What is needed here is every line of the records that includes "CIRCLE".

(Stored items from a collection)
++++++++++

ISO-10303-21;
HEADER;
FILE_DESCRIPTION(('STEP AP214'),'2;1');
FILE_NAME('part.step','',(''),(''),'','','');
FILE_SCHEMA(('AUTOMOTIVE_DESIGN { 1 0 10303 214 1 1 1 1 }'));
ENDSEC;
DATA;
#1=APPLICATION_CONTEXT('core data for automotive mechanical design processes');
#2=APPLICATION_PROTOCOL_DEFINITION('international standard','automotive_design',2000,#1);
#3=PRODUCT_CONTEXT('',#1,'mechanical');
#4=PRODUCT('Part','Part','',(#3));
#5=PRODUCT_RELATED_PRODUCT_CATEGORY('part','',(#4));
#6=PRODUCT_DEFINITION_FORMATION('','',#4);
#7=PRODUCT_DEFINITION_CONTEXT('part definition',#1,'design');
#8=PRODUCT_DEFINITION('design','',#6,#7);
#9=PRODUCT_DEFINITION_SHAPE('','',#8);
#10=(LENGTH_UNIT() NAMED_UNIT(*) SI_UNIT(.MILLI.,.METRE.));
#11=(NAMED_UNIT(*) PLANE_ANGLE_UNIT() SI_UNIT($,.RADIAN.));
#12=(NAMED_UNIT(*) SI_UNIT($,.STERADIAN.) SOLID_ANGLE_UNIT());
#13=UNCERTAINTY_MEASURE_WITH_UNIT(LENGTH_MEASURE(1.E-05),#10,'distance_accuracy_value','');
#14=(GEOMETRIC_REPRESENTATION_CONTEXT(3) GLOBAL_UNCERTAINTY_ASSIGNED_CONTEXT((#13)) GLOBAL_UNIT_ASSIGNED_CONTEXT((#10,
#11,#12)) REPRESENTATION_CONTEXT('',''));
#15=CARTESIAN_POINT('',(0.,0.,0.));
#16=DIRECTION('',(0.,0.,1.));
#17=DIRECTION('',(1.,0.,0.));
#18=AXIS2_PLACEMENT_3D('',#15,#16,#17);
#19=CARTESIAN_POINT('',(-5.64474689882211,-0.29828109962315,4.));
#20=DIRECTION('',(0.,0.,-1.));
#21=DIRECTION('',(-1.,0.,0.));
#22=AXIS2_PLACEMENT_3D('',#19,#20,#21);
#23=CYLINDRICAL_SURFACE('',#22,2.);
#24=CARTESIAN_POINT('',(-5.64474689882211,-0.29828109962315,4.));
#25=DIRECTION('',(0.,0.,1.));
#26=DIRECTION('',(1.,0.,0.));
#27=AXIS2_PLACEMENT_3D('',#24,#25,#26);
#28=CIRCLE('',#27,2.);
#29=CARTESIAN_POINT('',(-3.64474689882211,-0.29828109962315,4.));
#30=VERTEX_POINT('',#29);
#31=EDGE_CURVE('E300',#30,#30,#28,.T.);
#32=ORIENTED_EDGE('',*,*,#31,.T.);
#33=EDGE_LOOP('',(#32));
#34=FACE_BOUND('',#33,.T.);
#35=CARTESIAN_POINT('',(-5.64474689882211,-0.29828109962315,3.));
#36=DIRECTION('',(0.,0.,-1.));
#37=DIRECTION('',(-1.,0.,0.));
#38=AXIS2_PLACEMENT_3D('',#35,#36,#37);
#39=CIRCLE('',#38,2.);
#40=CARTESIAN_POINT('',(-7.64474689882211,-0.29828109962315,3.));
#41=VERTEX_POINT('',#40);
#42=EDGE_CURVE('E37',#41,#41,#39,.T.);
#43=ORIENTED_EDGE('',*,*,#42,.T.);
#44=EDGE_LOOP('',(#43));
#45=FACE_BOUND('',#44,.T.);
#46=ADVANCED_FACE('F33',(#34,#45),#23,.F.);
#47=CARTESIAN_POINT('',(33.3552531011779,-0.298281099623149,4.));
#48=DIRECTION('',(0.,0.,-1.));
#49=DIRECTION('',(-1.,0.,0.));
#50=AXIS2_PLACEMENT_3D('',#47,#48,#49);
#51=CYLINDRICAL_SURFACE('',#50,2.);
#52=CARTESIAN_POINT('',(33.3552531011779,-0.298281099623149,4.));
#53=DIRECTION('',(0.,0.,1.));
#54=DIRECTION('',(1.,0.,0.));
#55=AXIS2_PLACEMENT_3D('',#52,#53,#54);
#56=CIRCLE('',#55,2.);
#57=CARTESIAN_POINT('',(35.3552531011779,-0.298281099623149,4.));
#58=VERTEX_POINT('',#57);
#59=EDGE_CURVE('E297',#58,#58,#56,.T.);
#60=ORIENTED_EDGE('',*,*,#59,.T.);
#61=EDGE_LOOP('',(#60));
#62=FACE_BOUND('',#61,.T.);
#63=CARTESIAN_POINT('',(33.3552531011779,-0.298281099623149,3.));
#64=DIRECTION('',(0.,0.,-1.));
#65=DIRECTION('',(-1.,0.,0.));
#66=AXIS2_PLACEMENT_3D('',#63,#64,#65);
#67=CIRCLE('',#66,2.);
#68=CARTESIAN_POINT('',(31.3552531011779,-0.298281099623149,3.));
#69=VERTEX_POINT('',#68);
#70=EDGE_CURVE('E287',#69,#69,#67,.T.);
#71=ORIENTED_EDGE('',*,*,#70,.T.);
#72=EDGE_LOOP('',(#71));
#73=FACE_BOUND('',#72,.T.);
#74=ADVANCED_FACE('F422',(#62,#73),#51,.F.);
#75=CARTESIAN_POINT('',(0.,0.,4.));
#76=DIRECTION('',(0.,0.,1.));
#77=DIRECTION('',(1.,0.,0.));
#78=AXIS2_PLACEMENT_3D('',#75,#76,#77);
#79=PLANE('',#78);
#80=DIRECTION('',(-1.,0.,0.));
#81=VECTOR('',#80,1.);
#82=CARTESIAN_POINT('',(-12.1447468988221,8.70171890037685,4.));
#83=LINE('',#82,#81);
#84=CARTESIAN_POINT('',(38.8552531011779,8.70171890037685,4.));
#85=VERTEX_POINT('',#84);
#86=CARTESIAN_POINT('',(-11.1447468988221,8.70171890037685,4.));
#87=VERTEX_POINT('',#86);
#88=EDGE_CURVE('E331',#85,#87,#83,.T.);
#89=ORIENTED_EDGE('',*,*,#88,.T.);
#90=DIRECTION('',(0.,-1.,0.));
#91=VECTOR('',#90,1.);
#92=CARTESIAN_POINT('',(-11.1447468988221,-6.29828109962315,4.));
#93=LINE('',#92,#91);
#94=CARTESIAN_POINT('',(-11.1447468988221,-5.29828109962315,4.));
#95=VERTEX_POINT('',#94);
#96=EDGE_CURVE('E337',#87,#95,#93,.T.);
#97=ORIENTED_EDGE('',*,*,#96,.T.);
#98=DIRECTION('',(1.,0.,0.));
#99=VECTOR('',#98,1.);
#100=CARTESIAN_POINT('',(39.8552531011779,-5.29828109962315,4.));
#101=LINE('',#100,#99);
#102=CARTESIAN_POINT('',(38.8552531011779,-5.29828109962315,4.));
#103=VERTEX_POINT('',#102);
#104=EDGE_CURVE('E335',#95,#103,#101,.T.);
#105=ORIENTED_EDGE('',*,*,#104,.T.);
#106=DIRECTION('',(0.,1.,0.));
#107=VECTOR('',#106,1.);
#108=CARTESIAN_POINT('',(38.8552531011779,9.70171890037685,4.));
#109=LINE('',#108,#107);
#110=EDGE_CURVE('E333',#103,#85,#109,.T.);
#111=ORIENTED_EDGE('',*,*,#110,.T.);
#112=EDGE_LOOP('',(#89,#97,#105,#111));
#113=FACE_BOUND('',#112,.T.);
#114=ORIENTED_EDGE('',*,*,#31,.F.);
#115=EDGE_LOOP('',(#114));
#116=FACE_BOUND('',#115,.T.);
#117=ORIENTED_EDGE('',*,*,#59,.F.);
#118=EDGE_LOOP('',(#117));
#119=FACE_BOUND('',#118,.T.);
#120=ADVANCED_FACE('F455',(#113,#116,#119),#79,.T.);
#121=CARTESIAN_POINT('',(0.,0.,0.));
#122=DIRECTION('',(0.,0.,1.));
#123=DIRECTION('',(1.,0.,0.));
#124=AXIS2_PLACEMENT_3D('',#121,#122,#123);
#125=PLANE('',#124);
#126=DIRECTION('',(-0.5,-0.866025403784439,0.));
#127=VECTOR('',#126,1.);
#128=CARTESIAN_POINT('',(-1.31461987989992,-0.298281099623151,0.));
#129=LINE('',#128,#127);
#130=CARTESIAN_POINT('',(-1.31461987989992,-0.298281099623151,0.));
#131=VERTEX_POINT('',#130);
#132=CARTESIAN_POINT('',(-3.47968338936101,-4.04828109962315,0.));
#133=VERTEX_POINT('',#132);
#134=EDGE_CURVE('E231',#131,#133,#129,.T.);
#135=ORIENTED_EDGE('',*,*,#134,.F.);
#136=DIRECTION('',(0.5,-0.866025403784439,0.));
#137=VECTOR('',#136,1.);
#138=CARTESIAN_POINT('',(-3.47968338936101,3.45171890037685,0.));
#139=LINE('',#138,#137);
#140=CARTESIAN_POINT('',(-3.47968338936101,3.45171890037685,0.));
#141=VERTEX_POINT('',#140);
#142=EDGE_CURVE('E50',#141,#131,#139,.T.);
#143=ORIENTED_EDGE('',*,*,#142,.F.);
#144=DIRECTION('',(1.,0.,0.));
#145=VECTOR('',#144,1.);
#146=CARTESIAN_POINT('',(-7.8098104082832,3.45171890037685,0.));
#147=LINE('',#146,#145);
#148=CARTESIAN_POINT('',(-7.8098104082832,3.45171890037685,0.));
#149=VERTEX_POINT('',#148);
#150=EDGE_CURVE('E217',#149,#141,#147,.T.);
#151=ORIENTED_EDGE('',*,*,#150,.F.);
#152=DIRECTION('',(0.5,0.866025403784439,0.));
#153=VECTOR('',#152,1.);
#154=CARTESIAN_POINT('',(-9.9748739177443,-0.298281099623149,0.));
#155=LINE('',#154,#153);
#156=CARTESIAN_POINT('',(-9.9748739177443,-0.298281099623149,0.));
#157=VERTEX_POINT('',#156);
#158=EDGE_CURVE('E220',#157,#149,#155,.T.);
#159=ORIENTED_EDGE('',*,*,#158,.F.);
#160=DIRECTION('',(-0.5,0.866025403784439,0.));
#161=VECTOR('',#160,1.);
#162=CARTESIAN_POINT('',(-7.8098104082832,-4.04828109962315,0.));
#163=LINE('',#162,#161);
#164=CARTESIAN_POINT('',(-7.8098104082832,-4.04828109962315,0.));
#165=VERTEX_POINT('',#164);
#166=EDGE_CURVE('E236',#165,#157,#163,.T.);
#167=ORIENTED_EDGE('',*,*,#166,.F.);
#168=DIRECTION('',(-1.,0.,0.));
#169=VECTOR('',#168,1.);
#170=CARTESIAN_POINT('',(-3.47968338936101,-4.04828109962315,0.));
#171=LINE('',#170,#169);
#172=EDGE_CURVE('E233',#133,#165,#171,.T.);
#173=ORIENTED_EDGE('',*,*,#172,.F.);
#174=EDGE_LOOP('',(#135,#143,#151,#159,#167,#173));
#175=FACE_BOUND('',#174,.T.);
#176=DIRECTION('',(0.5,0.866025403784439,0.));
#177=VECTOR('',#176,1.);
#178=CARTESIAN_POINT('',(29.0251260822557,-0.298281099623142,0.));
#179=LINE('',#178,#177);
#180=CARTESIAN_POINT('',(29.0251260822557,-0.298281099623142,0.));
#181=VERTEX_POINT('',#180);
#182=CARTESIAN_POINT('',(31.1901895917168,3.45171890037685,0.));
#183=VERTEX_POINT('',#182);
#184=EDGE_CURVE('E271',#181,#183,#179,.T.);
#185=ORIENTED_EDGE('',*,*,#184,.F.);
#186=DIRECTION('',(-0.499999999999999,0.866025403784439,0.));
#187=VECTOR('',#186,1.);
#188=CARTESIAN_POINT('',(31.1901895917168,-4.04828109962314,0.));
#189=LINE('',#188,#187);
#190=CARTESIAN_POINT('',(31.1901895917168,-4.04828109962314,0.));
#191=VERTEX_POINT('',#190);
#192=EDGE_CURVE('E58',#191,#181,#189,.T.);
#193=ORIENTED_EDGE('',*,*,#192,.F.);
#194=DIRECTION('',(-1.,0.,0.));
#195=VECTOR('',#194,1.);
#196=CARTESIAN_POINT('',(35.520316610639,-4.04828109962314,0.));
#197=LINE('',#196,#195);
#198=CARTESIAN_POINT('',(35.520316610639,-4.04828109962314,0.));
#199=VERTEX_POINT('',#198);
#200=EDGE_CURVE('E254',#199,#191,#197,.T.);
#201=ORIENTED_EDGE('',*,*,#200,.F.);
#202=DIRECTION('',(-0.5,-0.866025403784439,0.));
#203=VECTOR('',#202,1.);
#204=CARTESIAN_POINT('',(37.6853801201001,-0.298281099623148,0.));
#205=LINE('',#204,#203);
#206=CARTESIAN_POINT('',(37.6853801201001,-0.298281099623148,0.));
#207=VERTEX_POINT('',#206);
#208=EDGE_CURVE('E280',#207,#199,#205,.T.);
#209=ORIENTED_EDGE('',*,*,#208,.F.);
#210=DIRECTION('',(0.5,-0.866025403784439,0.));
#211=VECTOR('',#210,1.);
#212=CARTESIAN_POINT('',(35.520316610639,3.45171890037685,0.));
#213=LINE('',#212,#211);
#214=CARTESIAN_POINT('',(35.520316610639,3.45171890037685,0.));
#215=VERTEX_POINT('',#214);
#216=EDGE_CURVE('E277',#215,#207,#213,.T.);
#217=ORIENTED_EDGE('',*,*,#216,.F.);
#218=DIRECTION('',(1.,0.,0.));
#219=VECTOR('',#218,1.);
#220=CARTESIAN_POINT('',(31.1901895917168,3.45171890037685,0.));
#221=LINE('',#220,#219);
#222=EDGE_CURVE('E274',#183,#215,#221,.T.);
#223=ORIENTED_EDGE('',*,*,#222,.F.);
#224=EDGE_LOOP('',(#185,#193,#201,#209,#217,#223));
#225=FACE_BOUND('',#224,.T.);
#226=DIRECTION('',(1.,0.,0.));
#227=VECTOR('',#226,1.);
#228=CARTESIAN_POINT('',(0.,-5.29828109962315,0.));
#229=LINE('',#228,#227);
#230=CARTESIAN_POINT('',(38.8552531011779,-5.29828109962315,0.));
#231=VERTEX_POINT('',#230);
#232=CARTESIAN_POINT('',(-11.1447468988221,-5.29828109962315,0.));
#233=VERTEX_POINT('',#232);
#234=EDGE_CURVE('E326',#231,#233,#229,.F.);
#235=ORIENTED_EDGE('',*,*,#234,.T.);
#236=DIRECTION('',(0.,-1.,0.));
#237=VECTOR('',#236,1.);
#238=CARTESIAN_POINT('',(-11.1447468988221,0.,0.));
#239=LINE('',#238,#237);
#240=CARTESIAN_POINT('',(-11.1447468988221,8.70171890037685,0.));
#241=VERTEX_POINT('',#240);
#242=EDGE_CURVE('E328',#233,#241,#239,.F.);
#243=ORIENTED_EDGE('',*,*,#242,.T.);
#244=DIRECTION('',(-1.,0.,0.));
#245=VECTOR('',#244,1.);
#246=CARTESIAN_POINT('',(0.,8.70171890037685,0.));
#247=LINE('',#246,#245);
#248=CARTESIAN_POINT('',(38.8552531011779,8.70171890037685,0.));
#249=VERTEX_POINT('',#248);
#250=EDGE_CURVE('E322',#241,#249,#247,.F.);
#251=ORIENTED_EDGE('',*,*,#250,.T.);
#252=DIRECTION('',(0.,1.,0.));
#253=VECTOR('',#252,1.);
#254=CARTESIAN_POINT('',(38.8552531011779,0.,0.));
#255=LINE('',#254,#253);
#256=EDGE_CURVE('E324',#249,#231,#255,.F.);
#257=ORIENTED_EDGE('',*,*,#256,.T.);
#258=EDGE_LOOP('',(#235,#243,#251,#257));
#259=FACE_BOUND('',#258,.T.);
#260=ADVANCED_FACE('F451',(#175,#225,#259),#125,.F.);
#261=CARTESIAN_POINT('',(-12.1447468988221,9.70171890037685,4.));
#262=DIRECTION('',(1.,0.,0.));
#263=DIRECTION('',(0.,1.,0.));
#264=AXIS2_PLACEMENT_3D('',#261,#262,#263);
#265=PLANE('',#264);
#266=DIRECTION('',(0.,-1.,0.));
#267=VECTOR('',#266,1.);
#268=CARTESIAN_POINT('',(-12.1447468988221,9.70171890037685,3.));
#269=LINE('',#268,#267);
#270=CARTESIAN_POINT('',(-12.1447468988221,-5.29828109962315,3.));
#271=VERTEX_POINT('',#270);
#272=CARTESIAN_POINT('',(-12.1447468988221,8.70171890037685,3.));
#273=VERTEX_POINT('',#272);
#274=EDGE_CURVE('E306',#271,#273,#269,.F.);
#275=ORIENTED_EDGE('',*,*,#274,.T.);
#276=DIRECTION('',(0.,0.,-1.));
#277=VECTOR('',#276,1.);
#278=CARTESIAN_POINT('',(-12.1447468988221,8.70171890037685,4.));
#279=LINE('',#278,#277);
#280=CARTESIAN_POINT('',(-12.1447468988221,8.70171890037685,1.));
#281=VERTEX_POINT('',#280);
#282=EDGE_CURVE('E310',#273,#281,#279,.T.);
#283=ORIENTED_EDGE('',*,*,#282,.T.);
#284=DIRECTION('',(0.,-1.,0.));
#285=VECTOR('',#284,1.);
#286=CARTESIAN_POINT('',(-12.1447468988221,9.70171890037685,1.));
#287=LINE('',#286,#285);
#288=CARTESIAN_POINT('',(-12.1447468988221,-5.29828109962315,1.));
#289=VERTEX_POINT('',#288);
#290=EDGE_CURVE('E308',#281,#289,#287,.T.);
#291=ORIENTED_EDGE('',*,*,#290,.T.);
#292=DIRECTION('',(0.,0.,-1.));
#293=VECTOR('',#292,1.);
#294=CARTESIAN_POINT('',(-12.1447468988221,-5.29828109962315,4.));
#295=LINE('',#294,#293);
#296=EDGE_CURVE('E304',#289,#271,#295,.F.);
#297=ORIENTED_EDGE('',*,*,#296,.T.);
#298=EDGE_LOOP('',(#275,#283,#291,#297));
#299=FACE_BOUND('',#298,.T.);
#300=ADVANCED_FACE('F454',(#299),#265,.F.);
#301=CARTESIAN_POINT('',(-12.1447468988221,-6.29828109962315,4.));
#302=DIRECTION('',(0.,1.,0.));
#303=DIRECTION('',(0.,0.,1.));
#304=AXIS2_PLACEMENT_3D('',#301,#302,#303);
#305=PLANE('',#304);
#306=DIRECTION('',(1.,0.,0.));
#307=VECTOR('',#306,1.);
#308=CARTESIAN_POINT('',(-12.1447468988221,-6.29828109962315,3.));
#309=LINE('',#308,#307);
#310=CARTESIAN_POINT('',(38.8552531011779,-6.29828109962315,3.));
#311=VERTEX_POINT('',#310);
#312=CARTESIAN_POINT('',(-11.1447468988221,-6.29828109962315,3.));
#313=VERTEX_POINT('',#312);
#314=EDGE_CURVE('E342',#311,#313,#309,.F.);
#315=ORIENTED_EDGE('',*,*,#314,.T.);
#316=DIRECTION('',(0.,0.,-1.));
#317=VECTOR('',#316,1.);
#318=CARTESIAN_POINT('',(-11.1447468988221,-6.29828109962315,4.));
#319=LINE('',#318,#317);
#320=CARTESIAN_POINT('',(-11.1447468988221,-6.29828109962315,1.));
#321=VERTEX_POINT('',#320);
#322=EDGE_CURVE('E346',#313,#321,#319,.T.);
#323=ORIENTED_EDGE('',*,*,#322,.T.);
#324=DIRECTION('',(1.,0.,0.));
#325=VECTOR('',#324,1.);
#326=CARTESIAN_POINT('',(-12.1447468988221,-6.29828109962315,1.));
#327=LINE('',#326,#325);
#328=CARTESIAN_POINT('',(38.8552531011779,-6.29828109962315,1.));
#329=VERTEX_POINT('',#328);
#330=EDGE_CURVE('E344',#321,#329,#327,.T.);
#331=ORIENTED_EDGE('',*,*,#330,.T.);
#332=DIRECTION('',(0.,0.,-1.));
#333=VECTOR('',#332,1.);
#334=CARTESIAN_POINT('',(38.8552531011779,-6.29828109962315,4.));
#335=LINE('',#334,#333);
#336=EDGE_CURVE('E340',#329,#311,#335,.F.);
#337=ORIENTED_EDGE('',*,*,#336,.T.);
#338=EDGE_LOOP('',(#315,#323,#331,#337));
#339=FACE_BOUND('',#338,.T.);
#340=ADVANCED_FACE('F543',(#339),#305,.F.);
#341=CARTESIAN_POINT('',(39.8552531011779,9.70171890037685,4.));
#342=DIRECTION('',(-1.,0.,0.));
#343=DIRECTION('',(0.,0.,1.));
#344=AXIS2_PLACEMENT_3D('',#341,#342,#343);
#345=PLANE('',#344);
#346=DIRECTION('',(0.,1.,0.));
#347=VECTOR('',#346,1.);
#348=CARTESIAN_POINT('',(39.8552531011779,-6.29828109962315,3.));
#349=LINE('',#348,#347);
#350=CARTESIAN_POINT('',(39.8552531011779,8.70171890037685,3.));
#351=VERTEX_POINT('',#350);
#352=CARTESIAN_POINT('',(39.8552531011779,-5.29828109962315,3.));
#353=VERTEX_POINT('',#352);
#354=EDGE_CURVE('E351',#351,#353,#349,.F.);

++++++++++

• Expected answer:
#28=CIRCLE('',#27,2.);
#39=CIRCLE('',#38,2.);
#56=CIRCLE('',#55,2.);
#67=CIRCLE('',#66,2.);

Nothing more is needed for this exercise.